● **Problem to work on**
Hunt for the word "decision" across the entries below, copying each line that holds it.

● **Dataset records**
*****

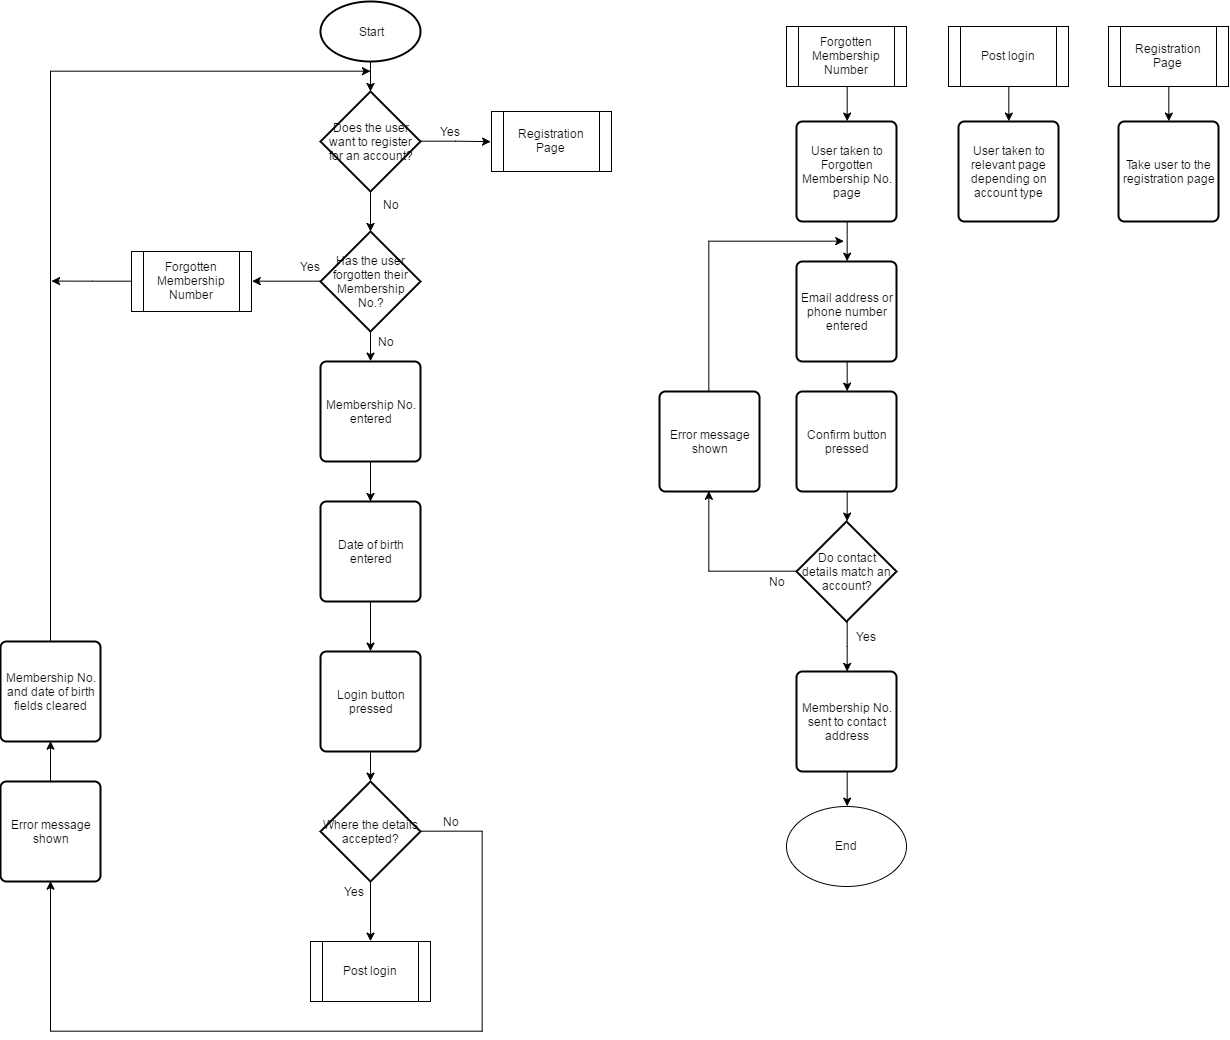

The diagram above was exported from draw.io. Its source (the exported page's mxGraphModel, read from the mxfile embedded in the PNG):
<mxGraphModel dx="1710" dy="1107" grid="1" gridSize="10" guides="1" tooltips="1" connect="1" arrows="1" fold="1" page="1" pageScale="1" pageWidth="850" pageHeight="1100" background="#ffffff" math="0" shadow="0">
  <root>
    <mxCell id="0" />
    <mxCell id="1" parent="0" />
    <mxCell id="25" style="edgeStyle=orthogonalEdgeStyle;rounded=0;html=1;exitX=0.5;exitY=1;exitPerimeter=0;jettySize=auto;orthogonalLoop=1;" parent="1" source="2" target="3" edge="1">
      <mxGeometry relative="1" as="geometry" />
    </mxCell>
    <mxCell id="2" value="Start" style="strokeWidth=2;html=1;shape=mxgraph.flowchart.start_1;whiteSpace=wrap;" parent="1" vertex="1">
      <mxGeometry x="345" y="10" width="100" height="60" as="geometry" />
    </mxCell>
    <mxCell id="5" style="edgeStyle=orthogonalEdgeStyle;rounded=0;html=1;exitX=1;exitY=0.5;exitPerimeter=0;entryX=0;entryY=0.5;entryPerimeter=0;jettySize=auto;orthogonalLoop=1;" parent="1" source="3" edge="1">
      <mxGeometry relative="1" as="geometry">
        <mxPoint x="515.1666666666667" y="150.16666666666674" as="targetPoint" />
      </mxGeometry>
    </mxCell>
    <mxCell id="10" style="edgeStyle=orthogonalEdgeStyle;rounded=0;html=1;exitX=0.5;exitY=1;exitPerimeter=0;jettySize=auto;orthogonalLoop=1;" parent="1" source="3" target="9" edge="1">
      <mxGeometry relative="1" as="geometry" />
    </mxCell>
    <mxCell id="3" value="Does the user want to register for an account?" style="strokeWidth=2;html=1;shape=mxgraph.flowchart.decision;whiteSpace=wrap;" parent="1" vertex="1">
      <mxGeometry x="345" y="100" width="100" height="100" as="geometry" />
    </mxCell>
    <mxCell id="6" value="Yes" style="text;html=1;strokeColor=none;fillColor=none;align=center;verticalAlign=middle;whiteSpace=wrap;" parent="1" vertex="1">
      <mxGeometry x="455" y="130" width="40" height="20" as="geometry" />
    </mxCell>
    <mxCell id="8" value="No" style="text;html=1;strokeColor=none;fillColor=none;align=center;verticalAlign=middle;whiteSpace=wrap;" parent="1" vertex="1">
      <mxGeometry x="390" y="340" width="40" height="20" as="geometry" />
    </mxCell>
    <mxCell id="33" style="edgeStyle=orthogonalEdgeStyle;rounded=0;html=1;exitX=0.5;exitY=1;exitPerimeter=0;entryX=0.5;entryY=0;entryPerimeter=0;jettySize=auto;orthogonalLoop=1;" parent="1" source="9" target="12" edge="1">
      <mxGeometry relative="1" as="geometry" />
    </mxCell>
    <mxCell id="94" style="edgeStyle=orthogonalEdgeStyle;rounded=0;html=1;exitX=0;exitY=0.5;exitPerimeter=0;entryX=1;entryY=0.5;jettySize=auto;orthogonalLoop=1;" edge="1" parent="1" source="9" target="92">
      <mxGeometry relative="1" as="geometry" />
    </mxCell>
    <mxCell id="9" value="Has the user forgotten their Membership No.?" style="strokeWidth=2;html=1;shape=mxgraph.flowchart.decision;whiteSpace=wrap;" parent="1" vertex="1">
      <mxGeometry x="345" y="240" width="100" height="100" as="geometry" />
    </mxCell>
    <mxCell id="27" value="" style="edgeStyle=orthogonalEdgeStyle;rounded=0;html=1;jettySize=auto;orthogonalLoop=1;" parent="1" source="12" target="13" edge="1">
      <mxGeometry relative="1" as="geometry" />
    </mxCell>
    <mxCell id="12" value="Membership No. entered" style="strokeWidth=2;html=1;shape=mxgraph.flowchart.process;whiteSpace=wrap;" parent="1" vertex="1">
      <mxGeometry x="345" y="370" width="100" height="100" as="geometry" />
    </mxCell>
    <mxCell id="28" style="edgeStyle=orthogonalEdgeStyle;rounded=0;html=1;exitX=0.5;exitY=1;exitPerimeter=0;entryX=0.5;entryY=0;entryPerimeter=0;jettySize=auto;orthogonalLoop=1;" parent="1" source="13" target="14" edge="1">
      <mxGeometry relative="1" as="geometry" />
    </mxCell>
    <mxCell id="13" value="Date of birth entered" style="strokeWidth=2;html=1;shape=mxgraph.flowchart.process;whiteSpace=wrap;" parent="1" vertex="1">
      <mxGeometry x="345" y="510" width="100" height="100" as="geometry" />
    </mxCell>
    <mxCell id="29" style="edgeStyle=orthogonalEdgeStyle;rounded=0;html=1;exitX=0.5;exitY=1;exitPerimeter=0;entryX=0.5;entryY=0;entryPerimeter=0;jettySize=auto;orthogonalLoop=1;" parent="1" source="14" target="16" edge="1">
      <mxGeometry relative="1" as="geometry" />
    </mxCell>
    <mxCell id="14" value="Login button pressed" style="strokeWidth=2;html=1;shape=mxgraph.flowchart.process;whiteSpace=wrap;" parent="1" vertex="1">
      <mxGeometry x="345" y="660" width="100" height="100" as="geometry" />
    </mxCell>
    <mxCell id="73" style="edgeStyle=orthogonalEdgeStyle;rounded=0;html=1;exitX=1;exitY=0.5;exitPerimeter=0;entryX=0.5;entryY=1;entryPerimeter=0;jettySize=auto;orthogonalLoop=1;" parent="1" source="16" target="18" edge="1">
      <mxGeometry relative="1" as="geometry">
        <Array as="points">
          <mxPoint x="506" y="840" />
          <mxPoint x="506" y="1040" />
          <mxPoint x="75" y="1040" />
        </Array>
      </mxGeometry>
    </mxCell>
    <mxCell id="113" style="edgeStyle=orthogonalEdgeStyle;rounded=0;html=1;exitX=0.5;exitY=1;exitPerimeter=0;entryX=0.5;entryY=0;jettySize=auto;orthogonalLoop=1;" edge="1" parent="1" source="16" target="112">
      <mxGeometry relative="1" as="geometry" />
    </mxCell>
    <mxCell id="16" value="Where the details accepted?" style="strokeWidth=2;html=1;shape=mxgraph.flowchart.decision;whiteSpace=wrap;" parent="1" vertex="1">
      <mxGeometry x="345" y="790" width="100" height="100" as="geometry" />
    </mxCell>
    <mxCell id="17" value="User taken to relevant page depending on account type" style="strokeWidth=2;html=1;shape=mxgraph.flowchart.process;whiteSpace=wrap;" parent="1" vertex="1">
      <mxGeometry x="983" y="130" width="100" height="100" as="geometry" />
    </mxCell>
    <mxCell id="20" style="edgeStyle=orthogonalEdgeStyle;rounded=0;html=1;exitX=0.5;exitY=0;exitPerimeter=0;entryX=0.5;entryY=1;entryPerimeter=0;jettySize=auto;orthogonalLoop=1;" parent="1" source="18" target="19" edge="1">
      <mxGeometry relative="1" as="geometry" />
    </mxCell>
    <mxCell id="18" value="Error message shown" style="strokeWidth=2;html=1;shape=mxgraph.flowchart.process;whiteSpace=wrap;" parent="1" vertex="1">
      <mxGeometry x="25" y="790" width="100" height="100" as="geometry" />
    </mxCell>
    <mxCell id="26" style="edgeStyle=orthogonalEdgeStyle;rounded=0;html=1;exitX=0.5;exitY=0;exitPerimeter=0;jettySize=auto;orthogonalLoop=1;" parent="1" source="19" edge="1">
      <mxGeometry relative="1" as="geometry">
        <mxPoint x="395" y="80" as="targetPoint" />
        <Array as="points">
          <mxPoint x="75" y="80" />
        </Array>
      </mxGeometry>
    </mxCell>
    <mxCell id="19" value="Membership No. and date of birth fields cleared" style="strokeWidth=2;html=1;shape=mxgraph.flowchart.process;whiteSpace=wrap;" parent="1" vertex="1">
      <mxGeometry x="25" y="650" width="100" height="100" as="geometry" />
    </mxCell>
    <mxCell id="23" value="No" style="text;html=1;strokeColor=none;fillColor=none;align=center;verticalAlign=middle;whiteSpace=wrap;" parent="1" vertex="1">
      <mxGeometry x="455" y="820" width="40" height="20" as="geometry" />
    </mxCell>
    <mxCell id="22" value="Yes" style="text;html=1;strokeColor=none;fillColor=none;align=center;verticalAlign=middle;whiteSpace=wrap;" parent="1" vertex="1">
      <mxGeometry x="359" y="890" width="40" height="20" as="geometry" />
    </mxCell>
    <mxCell id="36" value="Yes" style="text;html=1;strokeColor=none;fillColor=none;align=center;verticalAlign=middle;whiteSpace=wrap;" parent="1" vertex="1">
      <mxGeometry x="315" y="265" width="40" height="20" as="geometry" />
    </mxCell>
    <mxCell id="37" value="No" style="text;html=1;strokeColor=none;fillColor=none;align=center;verticalAlign=middle;whiteSpace=wrap;" parent="1" vertex="1">
      <mxGeometry x="395" y="203" width="40" height="20" as="geometry" />
    </mxCell>
    <mxCell id="77" value="Registration Page" style="shape=process;whiteSpace=wrap;html=1;" vertex="1" parent="1">
      <mxGeometry x="516" y="120" width="120" height="60" as="geometry" />
    </mxCell>
    <mxCell id="91" style="edgeStyle=orthogonalEdgeStyle;rounded=0;html=1;exitX=0.5;exitY=1;entryX=0.5;entryY=0;entryPerimeter=0;jettySize=auto;orthogonalLoop=1;" edge="1" parent="1" source="79" target="81">
      <mxGeometry relative="1" as="geometry" />
    </mxCell>
    <mxCell id="79" value="Forgotten Membership Number" style="shape=process;whiteSpace=wrap;html=1;" vertex="1" parent="1">
      <mxGeometry x="811" y="35" width="120" height="60" as="geometry" />
    </mxCell>
    <mxCell id="80" style="edgeStyle=orthogonalEdgeStyle;rounded=0;html=1;exitX=0.5;exitY=1;exitPerimeter=0;entryX=0.5;entryY=0;entryPerimeter=0;jettySize=auto;orthogonalLoop=1;" edge="1" source="81" target="83" parent="1">
      <mxGeometry x="871.7142857142858" y="230.28571428571445" as="geometry" />
    </mxCell>
    <mxCell id="81" value="User taken to Forgotten Membership No. page" style="strokeWidth=2;html=1;shape=mxgraph.flowchart.process;whiteSpace=wrap;" vertex="1" parent="1">
      <mxGeometry x="821" y="130" width="100" height="100" as="geometry" />
    </mxCell>
    <mxCell id="82" style="edgeStyle=orthogonalEdgeStyle;rounded=0;html=1;exitX=0.5;exitY=1;exitPerimeter=0;entryX=0.5;entryY=0;entryPerimeter=0;jettySize=auto;orthogonalLoop=1;" edge="1" source="83" target="85" parent="1">
      <mxGeometry x="871.7142857142858" y="370.28571428571445" as="geometry" />
    </mxCell>
    <mxCell id="83" value="Email address or phone number entered" style="strokeWidth=2;html=1;shape=mxgraph.flowchart.process;whiteSpace=wrap;" vertex="1" parent="1">
      <mxGeometry x="821" y="270" width="100" height="100" as="geometry" />
    </mxCell>
    <mxCell id="84" style="edgeStyle=orthogonalEdgeStyle;rounded=0;html=1;exitX=0.5;exitY=1;exitPerimeter=0;entryX=0.5;entryY=0;entryPerimeter=0;jettySize=auto;orthogonalLoop=1;" edge="1" source="85" target="87" parent="1">
      <mxGeometry x="871.7142857142858" y="500.28571428571445" as="geometry" />
    </mxCell>
    <mxCell id="85" value="Confirm button pressed" style="strokeWidth=2;html=1;shape=mxgraph.flowchart.process;whiteSpace=wrap;" vertex="1" parent="1">
      <mxGeometry x="821" y="400" width="100" height="100" as="geometry" />
    </mxCell>
    <mxCell id="86" style="edgeStyle=orthogonalEdgeStyle;rounded=0;html=1;exitX=0.5;exitY=1;exitPerimeter=0;jettySize=auto;orthogonalLoop=1;" edge="1" source="87" target="88" parent="1">
      <mxGeometry x="871.7142857142858" y="630.2857142857144" as="geometry" />
    </mxCell>
    <mxCell id="105" style="edgeStyle=orthogonalEdgeStyle;rounded=0;html=1;exitX=0;exitY=0.5;exitPerimeter=0;entryX=0.5;entryY=1;entryPerimeter=0;jettySize=auto;orthogonalLoop=1;" edge="1" parent="1" source="87" target="104">
      <mxGeometry relative="1" as="geometry" />
    </mxCell>
    <mxCell id="87" value="Do contact details match an account?" style="strokeWidth=2;html=1;shape=mxgraph.flowchart.decision;whiteSpace=wrap;" vertex="1" parent="1">
      <mxGeometry x="821" y="530" width="100" height="100" as="geometry" />
    </mxCell>
    <mxCell id="103" style="edgeStyle=orthogonalEdgeStyle;rounded=0;html=1;exitX=0.5;exitY=1;exitPerimeter=0;entryX=0.5;entryY=0;jettySize=auto;orthogonalLoop=1;" edge="1" parent="1" source="88" target="102">
      <mxGeometry relative="1" as="geometry" />
    </mxCell>
    <mxCell id="88" value="Membership No. sent to contact address" style="strokeWidth=2;html=1;shape=mxgraph.flowchart.process;whiteSpace=wrap;" vertex="1" parent="1">
      <mxGeometry x="821" y="680" width="100" height="100" as="geometry" />
    </mxCell>
    <mxCell id="89" value="Yes" style="text;html=1;strokeColor=none;fillColor=none;align=center;verticalAlign=middle;whiteSpace=wrap;" vertex="1" parent="1">
      <mxGeometry x="871" y="635" width="40" height="20" as="geometry" />
    </mxCell>
    <mxCell id="90" value="No" style="text;html=1;strokeColor=none;fillColor=none;align=center;verticalAlign=middle;whiteSpace=wrap;" vertex="1" parent="1">
      <mxGeometry x="781" y="580" width="40" height="20" as="geometry" />
    </mxCell>
    <mxCell id="95" style="edgeStyle=orthogonalEdgeStyle;rounded=0;html=1;exitX=0;exitY=0.5;jettySize=auto;orthogonalLoop=1;" edge="1" parent="1" source="92">
      <mxGeometry relative="1" as="geometry">
        <mxPoint x="75.99999999999977" y="289.57142857142867" as="targetPoint" />
      </mxGeometry>
    </mxCell>
    <mxCell id="92" value="Forgotten Membership Number" style="shape=process;whiteSpace=wrap;html=1;" vertex="1" parent="1">
      <mxGeometry x="156" y="260" width="120" height="60" as="geometry" />
    </mxCell>
    <mxCell id="102" value="End" style="ellipse;whiteSpace=wrap;html=1;" vertex="1" parent="1">
      <mxGeometry x="811" y="815" width="120" height="80" as="geometry" />
    </mxCell>
    <mxCell id="106" style="edgeStyle=orthogonalEdgeStyle;rounded=0;html=1;exitX=0.5;exitY=0;exitPerimeter=0;jettySize=auto;orthogonalLoop=1;" edge="1" parent="1" source="104">
      <mxGeometry relative="1" as="geometry">
        <mxPoint x="868" y="249.9999999999999" as="targetPoint" />
        <Array as="points">
          <mxPoint x="734" y="250" />
        </Array>
      </mxGeometry>
    </mxCell>
    <mxCell id="104" value="Error message shown" style="strokeWidth=2;html=1;shape=mxgraph.flowchart.process;whiteSpace=wrap;" vertex="1" parent="1">
      <mxGeometry x="684" y="400" width="100" height="100" as="geometry" />
    </mxCell>
    <mxCell id="109" style="edgeStyle=orthogonalEdgeStyle;rounded=0;html=1;exitX=0.5;exitY=1;entryX=0.5;entryY=0;entryPerimeter=0;jettySize=auto;orthogonalLoop=1;" edge="1" parent="1" source="107" target="108">
      <mxGeometry relative="1" as="geometry" />
    </mxCell>
    <mxCell id="107" value="Registration Page" style="shape=process;whiteSpace=wrap;html=1;" vertex="1" parent="1">
      <mxGeometry x="1133" y="35" width="120" height="60" as="geometry" />
    </mxCell>
    <mxCell id="108" value="Take user to the registration page" style="strokeWidth=2;html=1;shape=mxgraph.flowchart.process;whiteSpace=wrap;" vertex="1" parent="1">
      <mxGeometry x="1143" y="130" width="100" height="100" as="geometry" />
    </mxCell>
    <mxCell id="111" style="edgeStyle=orthogonalEdgeStyle;rounded=0;html=1;exitX=0.5;exitY=1;entryX=0.5;entryY=0;entryPerimeter=0;jettySize=auto;orthogonalLoop=1;" edge="1" parent="1" source="110" target="17">
      <mxGeometry relative="1" as="geometry" />
    </mxCell>
    <mxCell id="110" value="Post login" style="shape=process;whiteSpace=wrap;html=1;" vertex="1" parent="1">
      <mxGeometry x="973" y="35" width="120" height="60" as="geometry" />
    </mxCell>
    <mxCell id="112" value="Post login" style="shape=process;whiteSpace=wrap;html=1;" vertex="1" parent="1">
      <mxGeometry x="335" y="950" width="120" height="60" as="geometry" />
    </mxCell>
  </root>
</mxGraphModel>
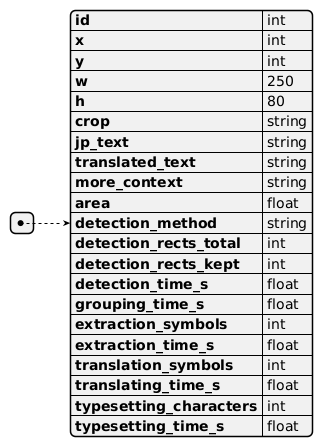

The diagram above was rendered by PlantUML. Its source (embedded in the PNG):
@startjson
[
{
    "id": "int",
    "x": "int",
    "y": "int",
    "w": "250",
    "h": "80",
    "crop": "string",
    "jp_text": "string",
    "translated_text": "string",
    "more_context": "string",
    "area": "float",
    "detection_method": "string",
    "detection_rects_total": "int",
    "detection_rects_kept": "int",
    "detection_time_s": "float",
    "grouping_time_s": "float",
    "extraction_symbols": "int",
    "extraction_time_s": "float",
    "translation_symbols": "int",
    "translating_time_s": "float",
    "typesetting_characters": "int",
    "typesetting_time_s": "float"
}
]
@endjson

*****

● **Solved exercise**
    <mxCell id="3" value="Does the user want to register for an account?" style="strokeWidth=2;html=1;shape=mxgraph.flowchart.decision;whiteSpace=wrap;" parent="1" vertex="1">
    <mxCell id="9" value="Has the user forgotten their Membership No.?" style="strokeWidth=2;html=1;shape=mxgraph.flowchart.decision;whiteSpace=wrap;" parent="1" vertex="1">
    <mxCell id="16" value="Where the details accepted?" style="strokeWidth=2;html=1;shape=mxgraph.flowchart.decision;whiteSpace=wrap;" parent="1" vertex="1">
    <mxCell id="87" value="Do contact details match an account?" style="strokeWidth=2;html=1;shape=mxgraph.flowchart.decision;whiteSpace=wrap;" vertex="1" parent="1">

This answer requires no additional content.